The well-publicized aging of the Baby Boomer generation threatens to
place considerable stress on our state's long-term care system, specifically,
the publicly financed Medicaid program. The
state must fortify itself on impending need for long-term care services by
ensuring that citizens who have the means to finance a portion or all of their
long-term care services also possess the tools to do so.
It will take time and education to bring about this change.
Nationally
and locally, it has become recognized that changes must occur in the current
Medicaid funding paradigm to:
a)
keep Medicaid solvent and reduce the cost burden to states; and,
b)
insure adequate funds are available to assist those with few resources
and limited incomes by either pre-funding Medicaid, fully funding Medicaid,
utilization of ones resources prior to accessing Medicaid, or posthumous
financing through estate recovery.
Pre-funding
and fully funding Medicaid are the purview of the federal government and are not
being considered.
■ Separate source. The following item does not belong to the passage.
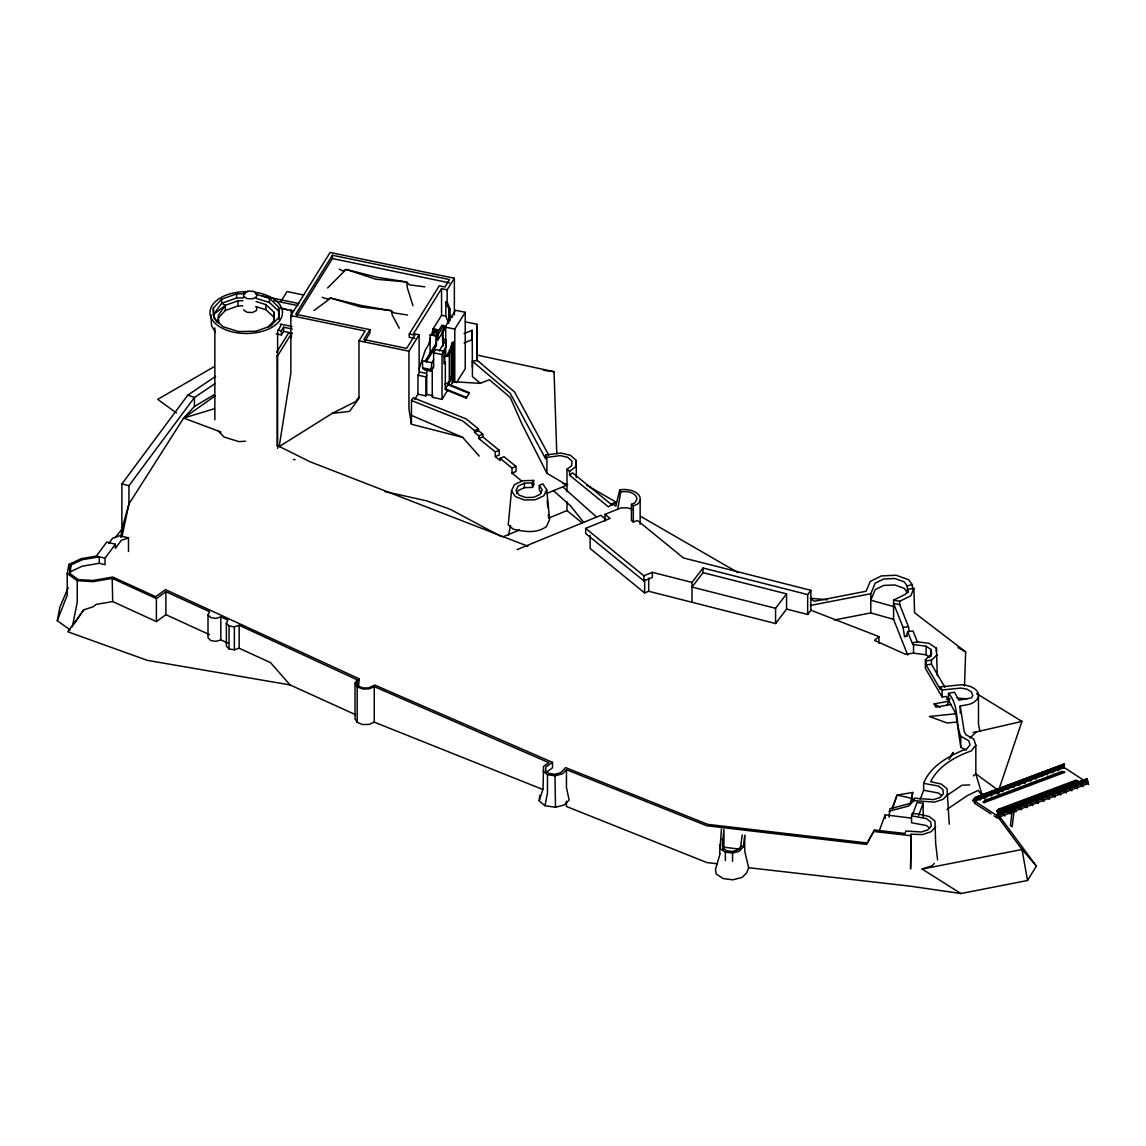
<?xml version="1.0" encoding="UTF-8"?>
<svg xmlns="http://www.w3.org/2000/svg" width="1146" height="1146" viewBox="0 0 1146 1146"><rect width="100%" height="100%" fill="white"/><g stroke="black" fill="none" stroke-linecap="round" stroke-linejoin="round"><path stroke-width="1.5" d="M411.486 400.484L462.683 420.94L474.516 430.581L474.516 432.286L478.827 435.795L478.827 438.546L495.273 451.939L495.273 456.595L499.255 454.976L499.255 450.321L482.795 436.913L482.795 434.176L478.498 430.652L478.498 428.948L466.164 418.906L413.19 397.748L411.486 400.484L411.4 424.235L462.683 437.385L479.214 456.036M964.488 686.153L965.677 651.888L914.551 612.738L913.892 588.385L907.833 589.316L905.899 594.029L893.579 600.132L893.579 619.341L907.732 655.082M719.702 853.011L721.421 829.074M742.221 834.847L740.603 846.966L737.494 850.088L732.28 851.449L726.722 850.762L722.925 848.284L722.238 844.931L723.943 829.389L723.943 847.209L722.854 850.131M548.733 455.163L514.64 392.047L477.295 360.374L472.424 361.248L510.199 393.293L545.639 458.873L545.639 455.019L560.723 453.028L570.536 455.334L576.28 460.477L575.879 466.58L569.591 471.364L569.591 475.218L608.512 506.933L612.537 503.538L616.462 501.934L613.769 504.197M912.717 792.473L911.228 800.997L912.717 792.473L897.06 795.066L892.089 808.403M516.703 493.625L518.092 490.617L524.381 487.666L532.475 487.408L533.735 484.643L533.621 480.403L522.748 480.747L514.31 484.715L511.517 490.789L508.237 524.768L513.079 529.108C524.166 531.615 536.314 533.921 546.356 526.616L549.607 519.539L546.699 489.671L542.774 483.813L539.279 485.446L539.279 489.944L541.227 492.852M929.621 828.057L926.369 825.507L911.557 822.756L911.557 815.837L926.369 818.588L930.71 821.983L931.225 826.209L927.759 829.933L921.384 832.01L905.913 831.008L904.996 833.471L874.498 830.005L866.448 844.416L706.767 825.75L566.453 769.711L566.453 787.588L569.132 799.994L564.19 804.993L555.495 807.271L545.038 805.738L539.164 800.882L539.809 795.295M539.164 800.882L543.046 788.906L543.576 766.359L548.862 762.677L374.255 686.626L369.069 688.918L362.551 689.004L357.194 686.855L355.031 683.303L356.907 679.707L239.17 625.272L234.357 626.819L229.042 625.945L226.364 623.152L227.882 620.086L220.82 616.863L215.992 618.41L210.692 617.536L208.013 614.743L209.517 611.678L165.883 591.694L156.386 598.613L156.386 621.59L112.666 601.564L96.178 604.386L93.155 606.778L83.658 609.873L67.829 631.79L147.318 660.354L290.067 684.936L355.475 714.646M990.989 813.932L974.558 803.203L974.687 802.157L972.61 800.782L974.888 797.487L1064.333 763.866L1064.118 768.536L1062.041 767.161L1064.333 763.866M719.702 844.616L720.447 848.914L725.361 852.108L732.566 852.996L739.313 851.249L743.353 846.65L744.742 835.162L744.742 851.306L748.639 867.708L746.748 872.794L742.164 877.392L732.896 879.813L723.284 878.61L716.25 874.026L715.462 869.427L720.118 853.569M120.86 537.431L121.877 529.266L121.877 483.97L187.829 395.098L215.591 376.361M974.558 803.203L975.232 797.716L1064.677 764.096M975.031 801.068L975.232 799.464L980.389 797.516M975.461 797.63L975.289 798.934L980.446 797M980.618 798.963L980.818 797.358L985.975 795.424M981.048 795.539L980.876 796.828L986.047 794.894M986.205 796.871L986.405 795.252L991.562 793.318M986.634 793.433L986.477 794.737L991.634 792.788M991.791 794.765L991.992 793.161L997.163 791.213L996.963 792.831M992.221 791.327L992.064 792.631L997.221 790.697L997.378 789.393M997.808 789.236L997.049 793.748L995.043 791.771L997.593 789.308M1086.508 783.162L1088.628 784.523L1087.067 778.721L997.622 812.342L996.948 817.829L993.969 815.88M997.851 812.27L997.679 813.56L1002.836 811.626L1003.008 810.322M1002.549 790.726L1002.75 789.121L997.593 791.055M1002.979 787.288L1002.807 788.591L997.65 790.525M1002.979 790.568L1003.18 788.949L1008.337 787.015L1008.136 788.62M1003.409 787.13L1003.237 788.434L1008.408 786.485L1008.566 785.196M1002.578 813.76L1002.779 812.142L997.622 814.09M1003.008 813.603L1003.208 811.984L1008.365 810.05L1008.165 811.655M1003.438 810.165L1003.266 811.468L1008.437 809.52L1008.595 808.217M1008.351 788.548L1008.437 784.881L1006.145 788.176L1008.222 789.551M1008.566 788.462L1008.767 786.858L1013.923 784.91L1013.723 786.528M1008.996 785.024L1008.838 786.328L1013.995 784.394L1014.153 783.09M1008.595 811.497L1008.795 809.878L1013.952 807.944L1013.752 809.549M1009.024 808.059L1008.867 809.363L1014.024 807.414L1014.181 806.125M1013.938 786.443L1014.024 782.775L1011.732 786.07L1013.823 787.445M1014.153 786.357L1014.353 784.752L1019.51 782.804M1014.582 782.933L1014.425 784.222L1019.582 782.288M1012.119 811.697L1010.4 825.578L1012.176 826.724L1014.081 811.311M1014.181 809.391L1014.382 807.787L1019.539 805.839M1014.611 805.953L1014.454 807.257L1019.611 805.323M1019.525 784.337L1019.611 780.67L1019.138 784.509L1018.235 783.921L1019.439 782.073M1019.739 784.265L1019.94 782.646L1025.111 780.713M1020.169 780.827L1020.012 782.131L1025.169 780.182M1019.782 807.285L1019.983 805.681L1025.14 803.747L1024.939 805.352M1020.198 803.862L1020.04 805.151L1025.197 803.217L1025.369 801.913M1025.341 782.159L1025.541 780.541L1030.698 778.607M1025.756 778.721L1025.598 780.025L1030.755 778.077M1025.799 801.756L1025.025 806.268L1027.131 807.644L1025.584 801.842M1030.927 780.054L1031.128 778.449L1036.285 776.501L1036.084 778.12M1031.357 776.616L1031.185 777.919L1036.356 775.985L1036.514 774.682M1030.526 803.246L1030.727 801.641L1025.57 803.575M1030.956 799.822L1030.784 801.111L1025.627 803.06M1031.386 799.65L1031.214 800.954L1036.385 799.02L1036.543 797.716M1036.944 774.524L1036.17 779.036L1034.165 777.06L1036.729 774.596M1036.113 801.154L1036.313 799.536L1031.156 801.484M1039.694 775.556L1041.972 772.275L1041.886 775.928M1036.972 797.559L1036.815 798.848L1041.972 796.914L1042.129 795.611M1041.671 776.014L1041.872 774.41L1036.715 776.343M1042.101 772.576L1041.943 773.879L1036.786 775.813M1042.101 775.856L1042.301 774.238L1047.458 772.304L1047.272 773.908M1042.531 772.418L1042.373 773.722L1047.53 771.774L1047.688 770.484M1041.7 799.048L1041.9 797.444L1036.743 799.378M1042.129 798.891L1042.33 797.272L1047.501 795.338L1047.301 796.943M1042.559 795.453L1042.402 796.757L1047.559 794.808L1047.716 793.519M1047.487 773.837L1047.559 770.169L1045.281 773.464L1047.358 774.839M1047.702 773.751L1047.888 772.146L1053.059 770.198M1048.117 770.313L1047.96 771.616L1053.117 769.682M1047.731 796.785L1047.931 795.181L1053.088 793.233L1052.888 794.851M1048.146 793.347L1047.988 794.651L1053.145 792.717L1053.317 791.413M1052.859 771.817L1053.274 768.379M1053.289 771.645L1053.489 770.04L1058.646 768.107M1053.704 768.221L1053.546 769.51L1058.703 767.576M1053.317 794.679L1053.518 793.075L1058.675 791.127M1053.747 791.256L1053.575 792.545L1058.746 790.611M1058.875 769.553L1059.076 767.935L1064.233 766.001M1059.305 766.115L1059.133 767.419L1064.305 765.471M1059.334 789.15L1059.176 790.453L1064.333 788.505L1064.491 787.202M1064.92 787.044L1064.147 791.571L1066.267 792.932L1064.706 787.13M1069.648 788.534L1069.848 786.93L1064.691 788.863M1070.078 785.11L1069.92 786.4L1064.763 788.348M1070.507 784.938L1070.35 786.242L1075.507 784.308M1075.249 786.443L1075.664 783.005M1075.679 786.271L1075.879 784.666L1081.036 782.732L1080.836 784.337M1076.094 782.847L1075.936 784.136L1081.093 782.202L1081.265 780.899M1081.265 784.179L1081.466 782.56L1086.623 780.627L1086.422 782.231M1081.695 780.741L1081.523 782.045L1086.695 780.097L1086.852 778.807M1087.067 778.721L1086.379 784.208L996.948 817.829L997.077 816.783L999.183 818.144L997.937 812.929M277.131 355.145L277.189 445.422L279.18 446.596L290.84 373.166L290.84 315.565L330.134 252.464L454.36 278.249L454.36 314.906M70.107 629.856L57.3 620.731L67.213 595.175L67.213 573.559L68.875 564.434L81.237 558.661L96.336 556.082L105.017 558.231L115.388 544.235L106.721 542.087L96.336 556.082M105.017 558.231L105.017 564.706L99.272 563.288L99.272 556.813L82.197 559.735L70.823 565.05L69.347 573.201L78.286 579.575L92.84 580.463L112.824 577.04L155.756 596.708L165.482 589.631L359.199 678.833L358.598 685.48M70.235 574.791L70.823 565.05M545.038 805.738L547.473 792.574L547.473 774.696L543.046 771.029M57.3 620.731L59.821 607.351L68.187 587.683M620.803 491.677L626.848 491.605A12.921 7.463 0 0 1 636.818 499.728L634.698 502.994L631.446 504.326L633.323 505.859L637.391 504.197A16.259 9.383 0 0 0 637.248 493.453A16.259 9.383 0 0 0 619.742 489.815L620.803 491.677L617.708 509.182M72.356 626.776L77.226 602.309L77.226 580.693L67.213 573.559M508.58 535.168L510.5 525.57M121.992 536.772L128.939 503.954L128.939 485.718L194.419 397.504L214.932 383.666M619.742 489.815L615.832 506.217L612.537 503.538M917.488 642.175L913.018 630.959L907.632 631.661L906.472 636.087L904.523 636.56L903.077 627.406L893.579 603.426L899.696 604.587L908.449 626.69L909.179 631.26M466.264 398.149L466.451 397.447L445.45 388.866L445.25 389.568L466.264 398.149L469.416 392.677L448.415 384.111M469.416 392.677L469.215 393.379L448.215 384.812M430.438 338.356L428.432 345.046L425.309 350.06L418.892 369.456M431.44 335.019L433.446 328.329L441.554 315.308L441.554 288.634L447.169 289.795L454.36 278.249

Therefore changes
in the funding paradigm must focus on how to:
A.
Re-direct personal assets in estate planning to support long-term care,
and
B.
Enhance estate asset recovery programs as a disincentive to asset
transfer.
Our state should consider embarking on a new mission that is proactive by encouraging those who are soon-to-age or at risk for disability to focus on preparations for their needs. This preparation includes the state's critical involvement in identifying, characterizing, and educating the citizenry about the various private financing models available in the marketplace. Perhaps, most importantly, the individual autonomy promoted by private financing mechanisms is the ultimate expression of self-direction.